## EXERCISE REQUIREMENTS
Starting at the first line of the entries below, restate each line exactly until you reach the line with "3X3 skew-symmetric matrix", and print that one too. Leave the pictures out and stop there.

## DATA
=-=-=-=-=

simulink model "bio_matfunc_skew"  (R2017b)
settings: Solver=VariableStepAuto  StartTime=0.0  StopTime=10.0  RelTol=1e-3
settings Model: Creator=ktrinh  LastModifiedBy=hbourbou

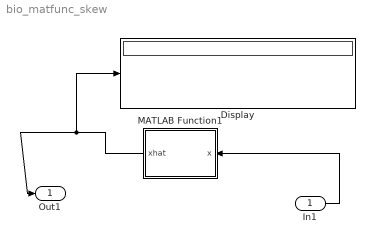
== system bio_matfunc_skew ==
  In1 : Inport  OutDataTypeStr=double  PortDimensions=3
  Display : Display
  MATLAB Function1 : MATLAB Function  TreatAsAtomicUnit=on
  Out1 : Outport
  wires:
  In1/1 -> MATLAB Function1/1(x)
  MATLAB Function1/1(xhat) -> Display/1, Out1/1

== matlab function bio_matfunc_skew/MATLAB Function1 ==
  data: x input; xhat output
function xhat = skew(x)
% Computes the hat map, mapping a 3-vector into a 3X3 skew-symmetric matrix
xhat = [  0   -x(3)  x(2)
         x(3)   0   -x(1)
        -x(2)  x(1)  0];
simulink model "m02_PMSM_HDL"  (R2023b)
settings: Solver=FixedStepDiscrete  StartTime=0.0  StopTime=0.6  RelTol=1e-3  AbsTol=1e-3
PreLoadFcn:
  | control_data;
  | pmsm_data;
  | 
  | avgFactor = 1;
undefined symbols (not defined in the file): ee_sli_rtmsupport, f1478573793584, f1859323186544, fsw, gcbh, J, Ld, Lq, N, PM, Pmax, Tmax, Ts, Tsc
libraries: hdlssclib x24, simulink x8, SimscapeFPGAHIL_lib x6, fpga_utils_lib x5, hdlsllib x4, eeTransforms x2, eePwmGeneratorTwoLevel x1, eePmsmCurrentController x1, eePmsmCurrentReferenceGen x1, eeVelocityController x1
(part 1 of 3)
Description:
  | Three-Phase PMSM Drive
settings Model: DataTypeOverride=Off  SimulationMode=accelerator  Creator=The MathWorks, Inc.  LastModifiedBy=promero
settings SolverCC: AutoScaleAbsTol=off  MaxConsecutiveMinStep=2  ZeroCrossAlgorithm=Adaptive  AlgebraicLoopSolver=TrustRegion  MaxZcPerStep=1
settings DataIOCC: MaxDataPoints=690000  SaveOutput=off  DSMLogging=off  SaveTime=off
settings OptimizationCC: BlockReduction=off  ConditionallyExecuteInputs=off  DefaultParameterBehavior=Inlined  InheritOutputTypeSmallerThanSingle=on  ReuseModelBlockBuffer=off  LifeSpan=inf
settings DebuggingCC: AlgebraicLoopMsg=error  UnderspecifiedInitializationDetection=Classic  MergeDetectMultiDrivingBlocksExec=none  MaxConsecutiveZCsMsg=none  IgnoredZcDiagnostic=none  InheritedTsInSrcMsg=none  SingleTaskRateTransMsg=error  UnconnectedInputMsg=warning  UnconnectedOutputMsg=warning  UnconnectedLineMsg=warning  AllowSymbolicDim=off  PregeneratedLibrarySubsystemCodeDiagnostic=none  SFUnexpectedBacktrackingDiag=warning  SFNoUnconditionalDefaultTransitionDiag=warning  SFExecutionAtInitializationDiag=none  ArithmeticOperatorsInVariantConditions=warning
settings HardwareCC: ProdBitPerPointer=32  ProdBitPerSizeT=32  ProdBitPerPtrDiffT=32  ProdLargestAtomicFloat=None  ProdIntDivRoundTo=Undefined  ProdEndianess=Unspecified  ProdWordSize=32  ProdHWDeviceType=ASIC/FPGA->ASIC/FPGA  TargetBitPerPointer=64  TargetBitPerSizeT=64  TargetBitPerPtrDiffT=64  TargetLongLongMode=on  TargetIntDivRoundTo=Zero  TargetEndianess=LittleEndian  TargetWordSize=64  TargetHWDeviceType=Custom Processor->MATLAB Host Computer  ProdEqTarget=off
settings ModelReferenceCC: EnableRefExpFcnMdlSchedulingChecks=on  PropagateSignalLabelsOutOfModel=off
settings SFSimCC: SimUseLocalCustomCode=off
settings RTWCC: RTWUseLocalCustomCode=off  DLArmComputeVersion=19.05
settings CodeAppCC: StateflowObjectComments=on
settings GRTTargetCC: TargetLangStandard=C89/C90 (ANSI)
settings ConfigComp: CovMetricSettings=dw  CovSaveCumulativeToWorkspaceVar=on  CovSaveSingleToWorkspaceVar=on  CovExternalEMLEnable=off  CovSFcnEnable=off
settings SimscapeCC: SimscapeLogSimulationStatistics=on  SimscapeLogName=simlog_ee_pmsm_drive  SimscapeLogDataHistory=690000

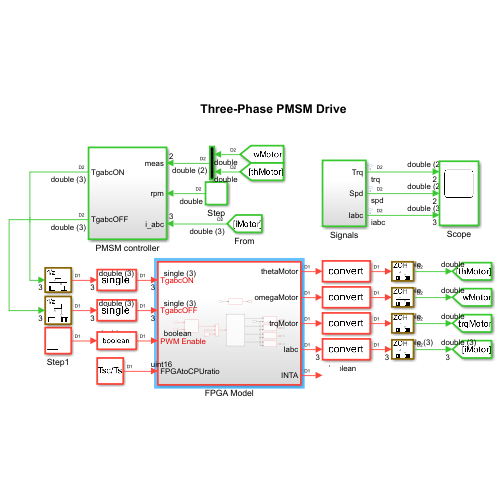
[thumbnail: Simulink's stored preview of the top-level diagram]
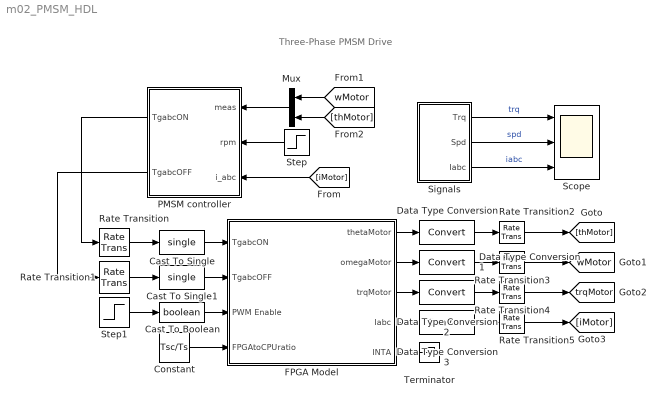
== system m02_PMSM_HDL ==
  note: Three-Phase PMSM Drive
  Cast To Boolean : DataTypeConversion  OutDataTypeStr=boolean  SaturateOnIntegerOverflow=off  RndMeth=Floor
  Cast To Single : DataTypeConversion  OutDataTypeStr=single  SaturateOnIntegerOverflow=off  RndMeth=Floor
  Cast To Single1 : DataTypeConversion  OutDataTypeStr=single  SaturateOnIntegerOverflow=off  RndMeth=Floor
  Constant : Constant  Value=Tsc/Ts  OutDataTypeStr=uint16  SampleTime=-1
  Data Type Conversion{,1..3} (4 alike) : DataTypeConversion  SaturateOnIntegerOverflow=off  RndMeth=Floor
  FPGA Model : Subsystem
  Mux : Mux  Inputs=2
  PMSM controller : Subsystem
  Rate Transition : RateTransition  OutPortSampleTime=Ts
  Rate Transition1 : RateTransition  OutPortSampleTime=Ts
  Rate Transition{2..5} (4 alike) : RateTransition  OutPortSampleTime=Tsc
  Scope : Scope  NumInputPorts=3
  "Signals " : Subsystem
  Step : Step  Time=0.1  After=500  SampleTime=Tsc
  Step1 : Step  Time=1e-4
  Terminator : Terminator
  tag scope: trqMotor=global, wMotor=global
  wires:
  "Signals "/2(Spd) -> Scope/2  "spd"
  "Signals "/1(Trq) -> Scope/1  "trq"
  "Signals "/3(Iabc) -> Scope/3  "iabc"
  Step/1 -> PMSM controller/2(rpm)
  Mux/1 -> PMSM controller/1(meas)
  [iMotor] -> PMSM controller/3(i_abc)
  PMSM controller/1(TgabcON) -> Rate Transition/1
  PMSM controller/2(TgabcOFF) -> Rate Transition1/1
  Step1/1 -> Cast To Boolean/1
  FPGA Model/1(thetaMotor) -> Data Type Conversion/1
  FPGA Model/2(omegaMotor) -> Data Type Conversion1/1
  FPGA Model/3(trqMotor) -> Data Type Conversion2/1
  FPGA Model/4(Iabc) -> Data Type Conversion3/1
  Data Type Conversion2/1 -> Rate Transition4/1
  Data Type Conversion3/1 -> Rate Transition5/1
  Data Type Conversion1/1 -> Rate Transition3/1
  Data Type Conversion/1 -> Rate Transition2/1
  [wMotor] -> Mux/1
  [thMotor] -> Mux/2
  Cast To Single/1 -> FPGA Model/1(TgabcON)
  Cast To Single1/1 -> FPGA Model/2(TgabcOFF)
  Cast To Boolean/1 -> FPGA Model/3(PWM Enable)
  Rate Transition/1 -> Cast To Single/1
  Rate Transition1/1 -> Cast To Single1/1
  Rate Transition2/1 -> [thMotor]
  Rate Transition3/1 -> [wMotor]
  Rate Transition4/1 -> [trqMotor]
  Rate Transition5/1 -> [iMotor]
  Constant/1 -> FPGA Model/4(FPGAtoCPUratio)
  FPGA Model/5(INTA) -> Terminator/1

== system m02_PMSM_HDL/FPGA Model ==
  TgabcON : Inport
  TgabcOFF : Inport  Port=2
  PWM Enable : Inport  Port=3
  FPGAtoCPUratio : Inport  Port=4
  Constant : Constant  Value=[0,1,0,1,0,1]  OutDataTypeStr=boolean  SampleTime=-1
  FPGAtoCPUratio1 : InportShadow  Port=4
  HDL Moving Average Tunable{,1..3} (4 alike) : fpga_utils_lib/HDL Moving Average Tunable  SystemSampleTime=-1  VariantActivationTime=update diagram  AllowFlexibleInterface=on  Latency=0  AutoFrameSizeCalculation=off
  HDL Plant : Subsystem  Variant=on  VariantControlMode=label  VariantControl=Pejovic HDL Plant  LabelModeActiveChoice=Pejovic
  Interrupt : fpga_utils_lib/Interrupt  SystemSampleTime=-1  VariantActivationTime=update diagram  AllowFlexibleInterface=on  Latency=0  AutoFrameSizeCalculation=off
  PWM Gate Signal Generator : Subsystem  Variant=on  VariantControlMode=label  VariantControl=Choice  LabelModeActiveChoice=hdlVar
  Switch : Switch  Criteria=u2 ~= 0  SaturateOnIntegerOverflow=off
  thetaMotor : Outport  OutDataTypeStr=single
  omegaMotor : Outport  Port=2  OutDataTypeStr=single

=-=-=-=-=

## FINAL ANSWER
simulink model "bio_matfunc_skew"  (R2017b)
settings: Solver=VariableStepAuto  StartTime=0.0  StopTime=10.0  RelTol=1e-3
settings Model: Creator=ktrinh  LastModifiedBy=hbourbou

== system bio_matfunc_skew ==
  In1 : Inport  OutDataTypeStr=double  PortDimensions=3
  Display : Display
  MATLAB Function1 : MATLAB Function  TreatAsAtomicUnit=on
  Out1 : Outport
  wires:
  In1/1 -> MATLAB Function1/1(x)
  MATLAB Function1/1(xhat) -> Display/1, Out1/1

== matlab function bio_matfunc_skew/MATLAB Function1 ==
  data: x input; xhat output
function xhat = skew(x)
% Computes the hat map, mapping a 3-vector into a 3X3 skew-symmetric matrix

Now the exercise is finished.